DATA IN THIS EXERCISE:
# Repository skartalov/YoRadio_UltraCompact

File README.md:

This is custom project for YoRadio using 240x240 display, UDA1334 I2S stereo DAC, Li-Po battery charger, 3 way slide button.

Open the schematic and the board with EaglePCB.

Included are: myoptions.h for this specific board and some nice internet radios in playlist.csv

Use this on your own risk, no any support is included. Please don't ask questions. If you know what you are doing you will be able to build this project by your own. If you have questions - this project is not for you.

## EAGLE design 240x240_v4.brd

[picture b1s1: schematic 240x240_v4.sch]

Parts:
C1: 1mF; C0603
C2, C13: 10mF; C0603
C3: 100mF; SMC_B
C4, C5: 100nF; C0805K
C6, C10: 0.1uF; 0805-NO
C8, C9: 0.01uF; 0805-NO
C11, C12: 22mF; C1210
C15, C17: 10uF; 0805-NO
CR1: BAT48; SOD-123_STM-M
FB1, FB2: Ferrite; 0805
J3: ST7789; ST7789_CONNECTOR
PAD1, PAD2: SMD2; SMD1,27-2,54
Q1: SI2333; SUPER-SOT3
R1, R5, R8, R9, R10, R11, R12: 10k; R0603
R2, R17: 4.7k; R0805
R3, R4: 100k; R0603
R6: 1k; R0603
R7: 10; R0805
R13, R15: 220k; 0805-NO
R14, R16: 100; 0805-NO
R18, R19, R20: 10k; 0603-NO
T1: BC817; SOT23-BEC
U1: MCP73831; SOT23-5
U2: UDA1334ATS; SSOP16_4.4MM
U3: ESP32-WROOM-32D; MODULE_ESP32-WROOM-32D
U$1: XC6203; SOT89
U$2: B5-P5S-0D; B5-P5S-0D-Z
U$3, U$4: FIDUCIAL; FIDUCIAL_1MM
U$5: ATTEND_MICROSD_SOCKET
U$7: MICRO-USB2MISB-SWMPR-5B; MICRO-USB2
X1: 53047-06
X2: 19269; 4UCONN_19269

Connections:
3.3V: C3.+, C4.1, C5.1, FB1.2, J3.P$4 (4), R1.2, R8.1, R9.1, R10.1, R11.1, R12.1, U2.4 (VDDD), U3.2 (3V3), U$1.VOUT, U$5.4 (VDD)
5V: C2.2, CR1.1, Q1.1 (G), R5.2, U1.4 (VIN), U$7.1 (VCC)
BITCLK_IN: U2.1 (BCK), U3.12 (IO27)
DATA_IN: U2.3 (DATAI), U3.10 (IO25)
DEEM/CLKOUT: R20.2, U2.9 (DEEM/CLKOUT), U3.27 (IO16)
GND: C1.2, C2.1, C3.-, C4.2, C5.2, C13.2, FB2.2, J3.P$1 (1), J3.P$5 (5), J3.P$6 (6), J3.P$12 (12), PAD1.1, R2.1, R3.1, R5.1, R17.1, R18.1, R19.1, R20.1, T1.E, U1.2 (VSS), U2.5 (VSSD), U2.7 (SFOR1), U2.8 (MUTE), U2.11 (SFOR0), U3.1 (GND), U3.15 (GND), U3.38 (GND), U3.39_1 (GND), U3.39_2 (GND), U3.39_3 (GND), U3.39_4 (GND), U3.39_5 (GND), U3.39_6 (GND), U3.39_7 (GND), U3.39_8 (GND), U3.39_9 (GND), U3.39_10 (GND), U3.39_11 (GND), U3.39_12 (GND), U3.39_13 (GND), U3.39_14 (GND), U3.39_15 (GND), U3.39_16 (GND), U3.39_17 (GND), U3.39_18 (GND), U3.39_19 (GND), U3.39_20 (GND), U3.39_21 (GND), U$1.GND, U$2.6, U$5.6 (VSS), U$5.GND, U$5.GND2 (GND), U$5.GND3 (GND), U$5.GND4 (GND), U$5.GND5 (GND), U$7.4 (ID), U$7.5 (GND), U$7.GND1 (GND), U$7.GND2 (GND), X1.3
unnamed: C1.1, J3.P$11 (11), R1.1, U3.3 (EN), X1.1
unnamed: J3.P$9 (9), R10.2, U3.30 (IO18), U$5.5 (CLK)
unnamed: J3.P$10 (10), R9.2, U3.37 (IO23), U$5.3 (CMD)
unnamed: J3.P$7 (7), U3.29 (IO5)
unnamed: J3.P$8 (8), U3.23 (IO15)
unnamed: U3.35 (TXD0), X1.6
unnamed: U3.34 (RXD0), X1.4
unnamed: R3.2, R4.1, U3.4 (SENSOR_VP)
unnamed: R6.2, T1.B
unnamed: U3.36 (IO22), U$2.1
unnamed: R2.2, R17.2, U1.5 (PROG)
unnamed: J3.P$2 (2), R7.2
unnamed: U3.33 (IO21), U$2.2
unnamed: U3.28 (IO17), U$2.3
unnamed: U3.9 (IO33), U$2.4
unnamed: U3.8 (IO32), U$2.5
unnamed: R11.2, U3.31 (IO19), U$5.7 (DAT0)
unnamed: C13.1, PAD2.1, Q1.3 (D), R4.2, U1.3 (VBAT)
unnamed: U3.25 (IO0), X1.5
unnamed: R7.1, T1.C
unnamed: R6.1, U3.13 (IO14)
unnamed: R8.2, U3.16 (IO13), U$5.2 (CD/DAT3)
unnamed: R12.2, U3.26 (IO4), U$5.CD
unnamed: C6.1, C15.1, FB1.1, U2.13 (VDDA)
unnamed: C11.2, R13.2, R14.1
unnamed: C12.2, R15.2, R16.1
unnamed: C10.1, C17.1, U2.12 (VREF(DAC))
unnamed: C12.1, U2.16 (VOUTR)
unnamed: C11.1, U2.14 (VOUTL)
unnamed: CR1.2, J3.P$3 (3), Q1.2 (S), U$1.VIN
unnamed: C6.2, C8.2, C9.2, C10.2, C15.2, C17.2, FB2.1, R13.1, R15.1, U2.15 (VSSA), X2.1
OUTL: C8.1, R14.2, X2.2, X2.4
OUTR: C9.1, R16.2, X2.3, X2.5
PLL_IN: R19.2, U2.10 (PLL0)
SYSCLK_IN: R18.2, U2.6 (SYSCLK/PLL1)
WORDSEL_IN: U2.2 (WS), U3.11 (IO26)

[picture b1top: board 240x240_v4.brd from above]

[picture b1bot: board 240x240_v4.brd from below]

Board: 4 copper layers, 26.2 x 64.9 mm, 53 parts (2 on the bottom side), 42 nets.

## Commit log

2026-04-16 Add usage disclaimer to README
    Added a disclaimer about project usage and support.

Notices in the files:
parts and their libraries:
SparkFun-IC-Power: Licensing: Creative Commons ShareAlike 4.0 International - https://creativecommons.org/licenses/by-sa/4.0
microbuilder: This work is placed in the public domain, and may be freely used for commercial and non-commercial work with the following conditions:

EXERCISE: Only an exact transcription of all the entries will do.

SOLUTION BELOW:
# Repository skartalov/YoRadio_UltraCompact

File README.md:

This is custom project for YoRadio using 240x240 display, UDA1334 I2S stereo DAC, Li-Po battery charger, 3 way slide button.

Open the schematic and the board with EaglePCB.

Included are: myoptions.h for this specific board and some nice internet radios in playlist.csv

Use this on your own risk, no any support is included. Please don't ask questions. If you know what you are doing you will be able to build this project by your own. If you have questions - this project is not for you.

## EAGLE design 240x240_v4.brd

[picture b1s1: schematic 240x240_v4.sch]

Parts:
C1: 1mF; C0603
C2, C13: 10mF; C0603
C3: 100mF; SMC_B
C4, C5: 100nF; C0805K
C6, C10: 0.1uF; 0805-NO
C8, C9: 0.01uF; 0805-NO
C11, C12: 22mF; C1210
C15, C17: 10uF; 0805-NO
CR1: BAT48; SOD-123_STM-M
FB1, FB2: Ferrite; 0805
J3: ST7789; ST7789_CONNECTOR
PAD1, PAD2: SMD2; SMD1,27-2,54
Q1: SI2333; SUPER-SOT3
R1, R5, R8, R9, R10, R11, R12: 10k; R0603
R2, R17: 4.7k; R0805
R3, R4: 100k; R0603
R6: 1k; R0603
R7: 10; R0805
R13, R15: 220k; 0805-NO
R14, R16: 100; 0805-NO
R18, R19, R20: 10k; 0603-NO
T1: BC817; SOT23-BEC
U1: MCP73831; SOT23-5
U2: UDA1334ATS; SSOP16_4.4MM
U3: ESP32-WROOM-32D; MODULE_ESP32-WROOM-32D
U$1: XC6203; SOT89
U$2: B5-P5S-0D; B5-P5S-0D-Z
U$3, U$4: FIDUCIAL; FIDUCIAL_1MM
U$5: ATTEND_MICROSD_SOCKET
U$7: MICRO-USB2MISB-SWMPR-5B; MICRO-USB2
X1: 53047-06
X2: 19269; 4UCONN_19269

Connections:
3.3V: C3.+, C4.1, C5.1, FB1.2, J3.P$4 (4), R1.2, R8.1, R9.1, R10.1, R11.1, R12.1, U2.4 (VDDD), U3.2 (3V3), U$1.VOUT, U$5.4 (VDD)
5V: C2.2, CR1.1, Q1.1 (G), R5.2, U1.4 (VIN), U$7.1 (VCC)
BITCLK_IN: U2.1 (BCK), U3.12 (IO27)
DATA_IN: U2.3 (DATAI), U3.10 (IO25)
DEEM/CLKOUT: R20.2, U2.9 (DEEM/CLKOUT), U3.27 (IO16)
GND: C1.2, C2.1, C3.-, C4.2, C5.2, C13.2, FB2.2, J3.P$1 (1), J3.P$5 (5), J3.P$6 (6), J3.P$12 (12), PAD1.1, R2.1, R3.1, R5.1, R17.1, R18.1, R19.1, R20.1, T1.E, U1.2 (VSS), U2.5 (VSSD), U2.7 (SFOR1), U2.8 (MUTE), U2.11 (SFOR0), U3.1 (GND), U3.15 (GND), U3.38 (GND), U3.39_1 (GND), U3.39_2 (GND), U3.39_3 (GND), U3.39_4 (GND), U3.39_5 (GND), U3.39_6 (GND), U3.39_7 (GND), U3.39_8 (GND), U3.39_9 (GND), U3.39_10 (GND), U3.39_11 (GND), U3.39_12 (GND), U3.39_13 (GND), U3.39_14 (GND), U3.39_15 (GND), U3.39_16 (GND), U3.39_17 (GND), U3.39_18 (GND), U3.39_19 (GND), U3.39_20 (GND), U3.39_21 (GND), U$1.GND, U$2.6, U$5.6 (VSS), U$5.GND, U$5.GND2 (GND), U$5.GND3 (GND), U$5.GND4 (GND), U$5.GND5 (GND), U$7.4 (ID), U$7.5 (GND), U$7.GND1 (GND), U$7.GND2 (GND), X1.3
unnamed: C1.1, J3.P$11 (11), R1.1, U3.3 (EN), X1.1
unnamed: J3.P$9 (9), R10.2, U3.30 (IO18), U$5.5 (CLK)
unnamed: J3.P$10 (10), R9.2, U3.37 (IO23), U$5.3 (CMD)
unnamed: J3.P$7 (7), U3.29 (IO5)
unnamed: J3.P$8 (8), U3.23 (IO15)
unnamed: U3.35 (TXD0), X1.6
unnamed: U3.34 (RXD0), X1.4
unnamed: R3.2, R4.1, U3.4 (SENSOR_VP)
unnamed: R6.2, T1.B
unnamed: U3.36 (IO22), U$2.1
unnamed: R2.2, R17.2, U1.5 (PROG)
unnamed: J3.P$2 (2), R7.2
unnamed: U3.33 (IO21), U$2.2
unnamed: U3.28 (IO17), U$2.3
unnamed: U3.9 (IO33), U$2.4
unnamed: U3.8 (IO32), U$2.5
unnamed: R11.2, U3.31 (IO19), U$5.7 (DAT0)
unnamed: C13.1, PAD2.1, Q1.3 (D), R4.2, U1.3 (VBAT)
unnamed: U3.25 (IO0), X1.5
unnamed: R7.1, T1.C
unnamed: R6.1, U3.13 (IO14)
unnamed: R8.2, U3.16 (IO13), U$5.2 (CD/DAT3)
unnamed: R12.2, U3.26 (IO4), U$5.CD
unnamed: C6.1, C15.1, FB1.1, U2.13 (VDDA)
unnamed: C11.2, R13.2, R14.1
unnamed: C12.2, R15.2, R16.1
unnamed: C10.1, C17.1, U2.12 (VREF(DAC))
unnamed: C12.1, U2.16 (VOUTR)
unnamed: C11.1, U2.14 (VOUTL)
unnamed: CR1.2, J3.P$3 (3), Q1.2 (S), U$1.VIN
unnamed: C6.2, C8.2, C9.2, C10.2, C15.2, C17.2, FB2.1, R13.1, R15.1, U2.15 (VSSA), X2.1
OUTL: C8.1, R14.2, X2.2, X2.4
OUTR: C9.1, R16.2, X2.3, X2.5
PLL_IN: R19.2, U2.10 (PLL0)
SYSCLK_IN: R18.2, U2.6 (SYSCLK/PLL1)
WORDSEL_IN: U2.2 (WS), U3.11 (IO26)

[picture b1top: board 240x240_v4.brd from above]

[picture b1bot: board 240x240_v4.brd from below]

Board: 4 copper layers, 26.2 x 64.9 mm, 53 parts (2 on the bottom side), 42 nets.

## Commit log

2026-04-16 Add usage disclaimer to README
    Added a disclaimer about project usage and support.

Notices in the files:
parts and their libraries:
SparkFun-IC-Power: Licensing: Creative Commons ShareAlike 4.0 International - https://creativecommons.org/licenses/by-sa/4.0
microbuilder: This work is placed in the public domain, and may be freely used for commercial and non-commercial work with the following conditions:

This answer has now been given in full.